WORK INSTRUCTION
Beginning with the line that holds "Circle(F2_R_2, mode=Mode.SUBTRACT)", write out the remaining lines of the material exactly, the last line included.

RECORDS PROVIDED
--- START ---

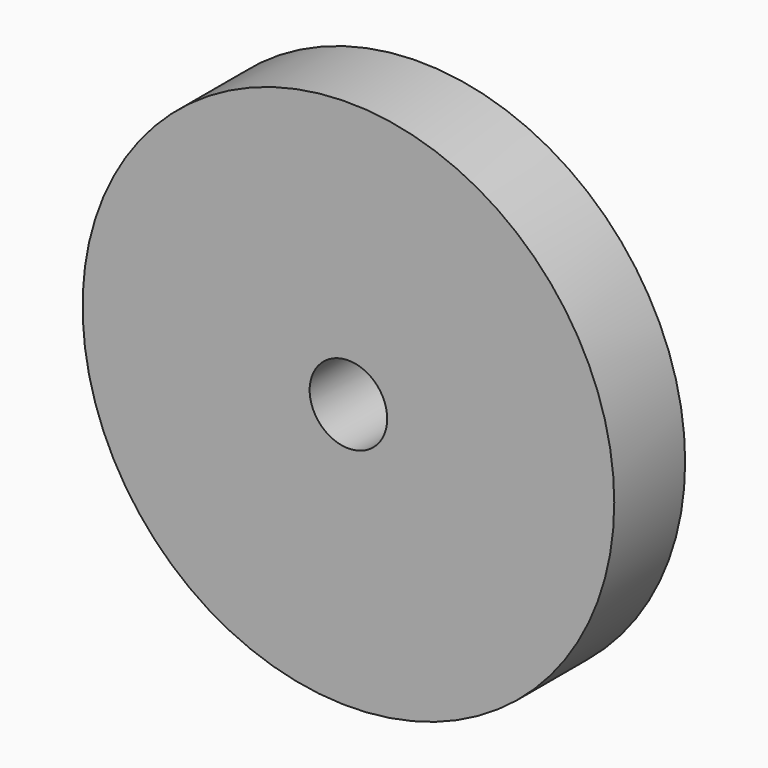
from build123d import *

# Parameters (mm, degrees)
F2_R     = 12
F2_R_2   = 1.75
F3_DEPTH = 4


# Not quite as in the source:
# - the program builds the solid bodies; features that only make, move or delete a surface that nothing else refers to are left out


with BuildPart() as f3:
    # F2 (on Front) → F3 (new body)
    with BuildSketch(Plane.XZ):
        Circle(F2_R)
        Circle(F2_R_2, mode=Mode.SUBTRACT)
    extrude(amount=F3_DEPTH)


solid = f3.part

--- END ---

ANSWER BOX
        Circle(F2_R_2, mode=Mode.SUBTRACT)
    extrude(amount=F3_DEPTH)


solid = f3.part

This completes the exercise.